Hmm... Try placing your tongue in between the teeth of the upper and lower jaw. Then open a bit and leave the tongue up (below the teeth), that is the place where [ð] and [θ] are formed. The [d] is formed where the teeth meet the gum or along the roof of the mouth.

I am probably not explaining it very well .

When saying "Theodore," the tongue goes outside of the mouth to form the "Th" part of "Theodore." It stays inside the mouth for "đ."


----------



## Radioh

No, that's a very good explanation. Thanks, ABunny.


----------



## fdb

In standard Vietnamese (Hanoi dialect) b is voiced bilabial, and đ is a voiced alveolar. Both are usually (but not always) “implosive”. This means that when pronouncing b the lips open inwards rather than outwards.


----------



## Serora

I'm sorry i don't understand this thread?
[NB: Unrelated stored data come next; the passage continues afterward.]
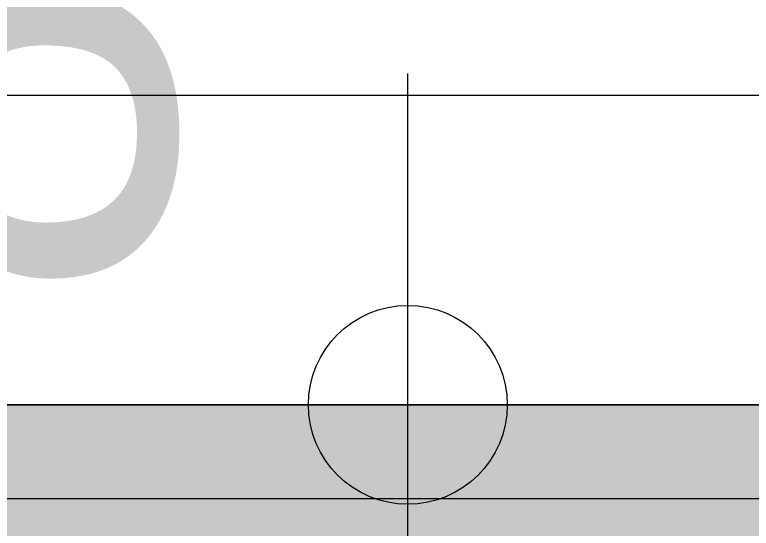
# Model space of a CAD drawing. Header units: metres. Extents: x 0.003 to 0.843, y 0.003 to 0.597.
# Drawn here: x 0.555681 to 0.559015, y 0.162681 to 0.165006 of the extents above; entities that cross this region are included whole.
import ezdxf

# ---------------------------------------------------------------- set-up
doc = ezdxf.new("R2010")
doc.units = ezdxf.units.M
for name, pattern in [('AUSGEZOGEN', [0]), ('STRICHLINIE', [19.049999999999997, 12.7, -6.35]), ('STRICHPUNKT', [25.4, 12.7, -6.35, 0, -6.35])]:
    doc.linetypes.add(name, pattern=pattern)
for name, color, linetype, lineweight in [('Bodenplatte', 7, 'AUSGEZOGEN', 18), ('Decke', 7, 'AUSGEZOGEN', 35), ('Fenster', 7, 'AUSGEZOGEN', 18), ('Vermassung Decke', 180, 'STRICHLINIE', 25), ('Wand Beton bewehrt', 7, 'AUSGEZOGEN', 35)]:
    doc.layers.add(name, color=color, linetype=linetype, lineweight=lineweight)
doc.styles.add('ARIAL', font='ARIAL.TTF')

msp = doc.modelspace()

# ---------------------------------------------------------------- hatches: boundary and pattern name
at = {"layer": 'Bodenplatte', "linetype": 'AUSGEZOGEN', "lineweight": 13}
msp.add_hatch(color=71, dxfattribs=at).paths.add_polyline_path([(0.3183599929511546, 0.1632399964183569), (0.3183599929511546, 0.1616399964541197), (0.6303599859774118, 0.1616399964541197), (0.6303599859774118, 0.1632399964183569)])

# ---------------------------------------------------------------- linework, layer by layer
at = {"layer": 'Bodenplatte', "color": 92, "linetype": 'STRICHLINIE', "lineweight": 18}
msp.add_line((0.6303599859774118, 0.1632399964183569), (0.3183599929511546, 0.1632399964183569), dxfattribs=at)
at = {"layer": 'Decke', "color": 92, "linetype": 'STRICHPUNKT', "lineweight": 18}
msp.add_line((0.6303599859774118, 0.1632399964183569), (0.3183599929511546, 0.1632399964183569), dxfattribs=at)
at = {"layer": 'Fenster', "color": 7, "linetype": 'AUSGEZOGEN', "lineweight": 13}
msp.add_line((0.559703987550092, 0.1628140010126736), (0.5305559696486193, 0.1628139940718666), dxfattribs=at)
at = {"layer": 'Vermassung Decke', "color": 92, "linetype": 'AUSGEZOGEN', "lineweight": 13}
for p, q in [((0.5574599876068538, 0.1632399964183569), (0.5574599876068538, 0.1647399964313954)), ((0.5574599876068538, 0.1632399964183569), (0.5559599875938153, 0.1632399964183569)), ((0.5574599876068538, 0.1632399964183569), (0.558959984598652, 0.1632399964183569)), ((0.5574599876068538, 0.1632399964183569), (0.5574599876068538, 0.1632399964183569)), ((0.5574599876068538, 0.1616399964541197), (0.5574599876068538, 0.1632399964183569))]:
    msp.add_line(p, q, dxfattribs=at)
msp.add_circle((0.5574599876068538, 0.1632399964183569), 0.0004500000039115548, dxfattribs=at)
at = {"layer": 'Wand Beton bewehrt', "color": 180, "linetype": 'STRICHPUNKT', "lineweight": 13}
for p, q in [((0.5627599874883895, 0.1646399963870617), (0.4968599889613691, 0.1646399963870617)), ((0.4991599889099601, 0.1632399964183542), (0.5604599875397986, 0.1632399964183542))]:
    msp.add_line(p, q, dxfattribs=at)

# ---------------------------------------------------------------- texts
at = {"layer": 'Vermassung Decke', "color": 92, "linetype": 'AUSGEZOGEN', "lineweight": 13, "insert": (0.5564258812179623, 0.1636899964082986), "char_height": 0.002, "width": 0.001, "attachment_point": 7, "rotation": 90.00000250447816, "style": 'ARIAL'}
msp.add_mtext('8', dxfattribs=at)

doc.saveas('drawing.dxf')
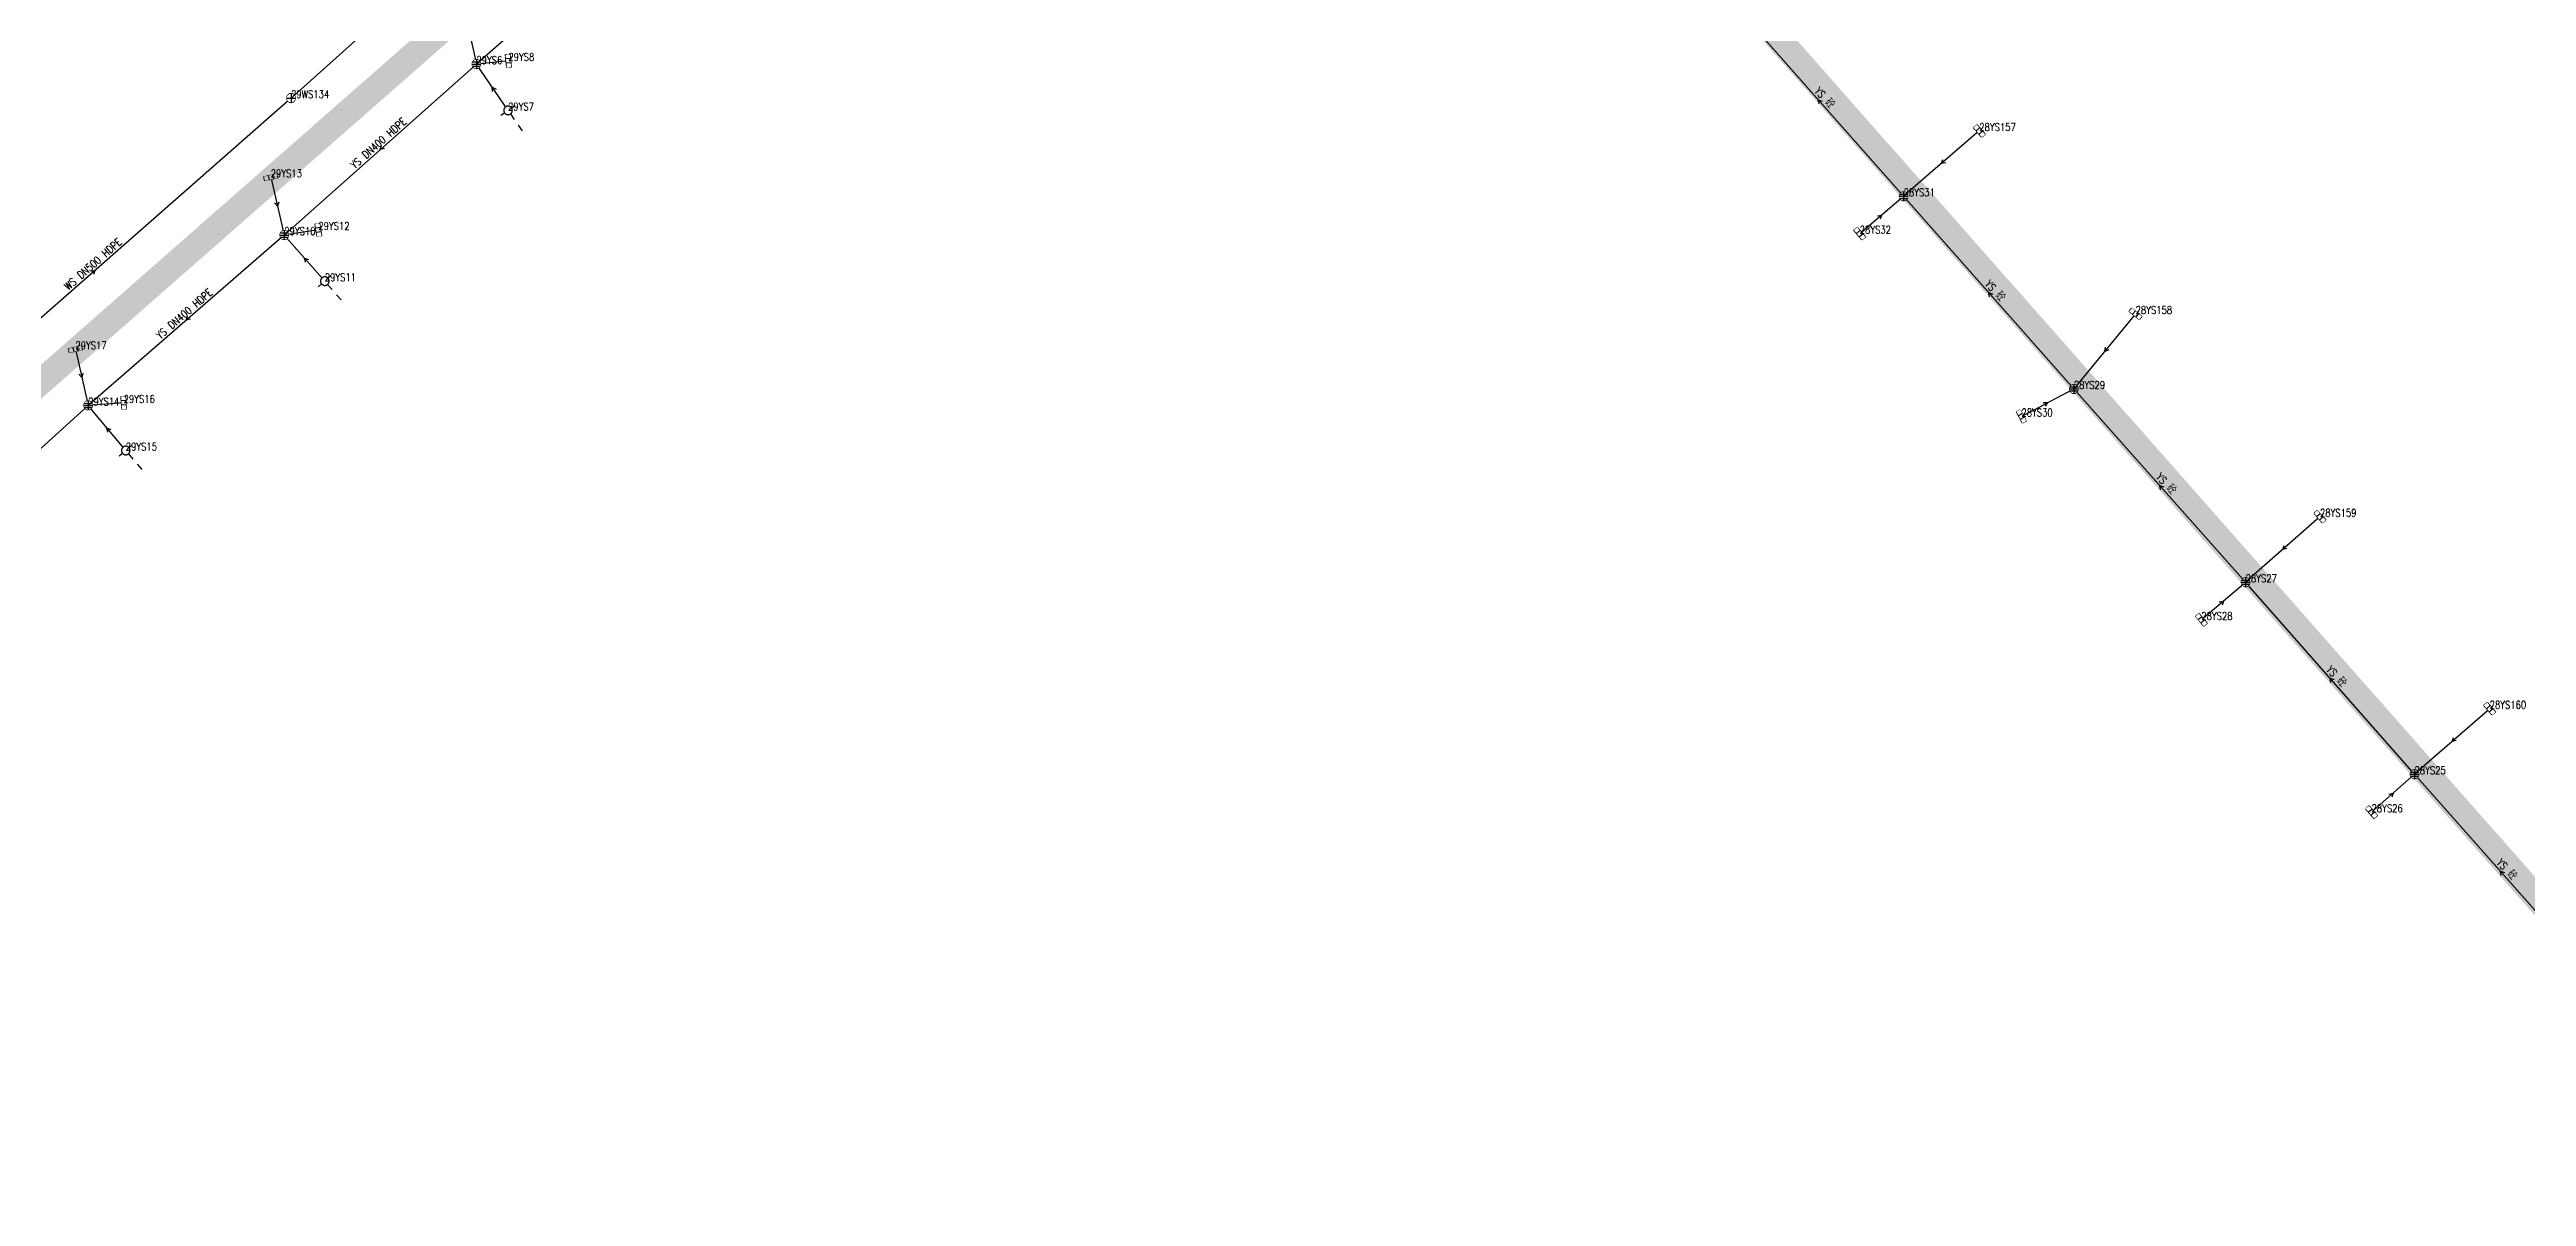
# Model space of a CAD drawing. Extents: x 78813 to 99477, y 2421021 to 2448125.
# Drawn here: x 82002 to 82290.7, y 2432381.1 to 2432514.9 of the extents above; entities that cross this region are included whole.
import ezdxf
from ezdxf.enums import TextEntityAlignment as Align

# ---------------------------------------------------------------- set-up
doc = ezdxf.new("R2010")
doc.units = 0
doc.set_wipeout_variables(frame=1)
doc.layers.get('0').update_dxf_attribs({"linetype": 'CONTINUOUS'})
for name, color, linetype in [('DX_WS', 16, 'CONTINUOUS'), ('DX_YS', 42, 'CONTINUOUS'), ('道路', 5, 'CONTINUOUS')]:
    doc.layers.add(name, color=color, linetype=linetype)
for name, color, linetype, true_color in [('WSLINE', 7, 'CONTINUOUS', 0x7f0000), ('YSANNEXE', 7, 'CONTINUOUS', 0xcc9900), ('YSLINE', 7, 'CONTINUOUS', 0xcc9900)]:
    doc.layers.add(name, color=color, linetype=linetype, true_color=true_color)
doc.styles.add('CcNameZT', font='txt.SHX', dxfattribs={"width": 0.8, "bigfont": 'HZTXT.SHX'})
doc.styles.get("Standard").update_dxf_attribs({"font": 'txt.shx', "bigfont": 'hztxt.shx'})

# ---------------------------------------------------------------- blocks, each defined once
blk = doc.blocks.new('PS污水井')
blk.add_lwpolyline([(1, 0), (1, 0.07), (0.99, 0.14), (0.98, 0.21), (0.96, 0.28), (0.94, 0.34), (0.91, 0.41), (0.88, 0.47), (0.85, 0.53), (0.81, 0.59), (0.77, 0.64), (0.72, 0.69), (0.67, 0.74), (0.62, 0.79), (0.56, 0.83), (0.5, 0.87), (0.44, 0.9), (0.37, 0.93), (0.31, 0.95), (0.24, 0.97), (0.17, 0.98), (0.1, 0.99), (0.03, 1), (-0.03, 1), (-0.1, 0.99), (-0.17, 0.98), (-0.24, 0.97), (-0.31, 0.95), (-0.37, 0.93), (-0.44, 0.9), (-0.5, 0.87), (-0.56, 0.83), (-0.62, 0.79), (-0.67, 0.74), (-0.72, 0.69), (-0.77, 0.64), (-0.81, 0.59), (-0.85, 0.53), (-0.88, 0.47), (-0.91, 0.41), (-0.94, 0.34), (-0.96, 0.28), (-0.98, 0.21), (-0.99, 0.14), (-1, 0.07), (-1, 0), (-1, -0.07), (-0.99, -0.14), (-0.98, -0.21), (-0.96, -0.28), (-0.94, -0.34), (-0.91, -0.41), (-0.88, -0.47), (-0.85, -0.53), (-0.81, -0.59), (-0.77, -0.64), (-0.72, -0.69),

Actually B is just pronounced B like in english and Đ is like D in english. Meanwhile D in Vietnamese is kinda like [ð] but your tongue sticks inside your mouth (behind upper teeth) when you pronoun it while it will be outside your teeth when it comes to [ð].

- D Vietnamese: like "the" ([ð]) but tongue inside
- [ð]: tongue outside


----------



## Radioh

I don't agree, Serora. But how do you pronounce đ? Like đi or đờ? It's definitely đờ for me and people round me.


----------



## Serora

yes it's đờ, ugh sorry it's really hard to explain and it seems i misunderstood.

B is obviously bờ and Đ is đờ. Sorry.
But i was just trying to show the difference when pronouncing D in vietnamese and "the" in english, which doesn't relate, sorry  (oh maybe it's because amaryllis was discussing this problem)

p.s: idk but nowaday when growed up we kinda read the alphabet with a bê (b) sê (c) dê (d) đê (đ), not bờ or đờ (this is kinda for elementary) and actually in some cases because english is popular here, we read "d" as đê :/


----------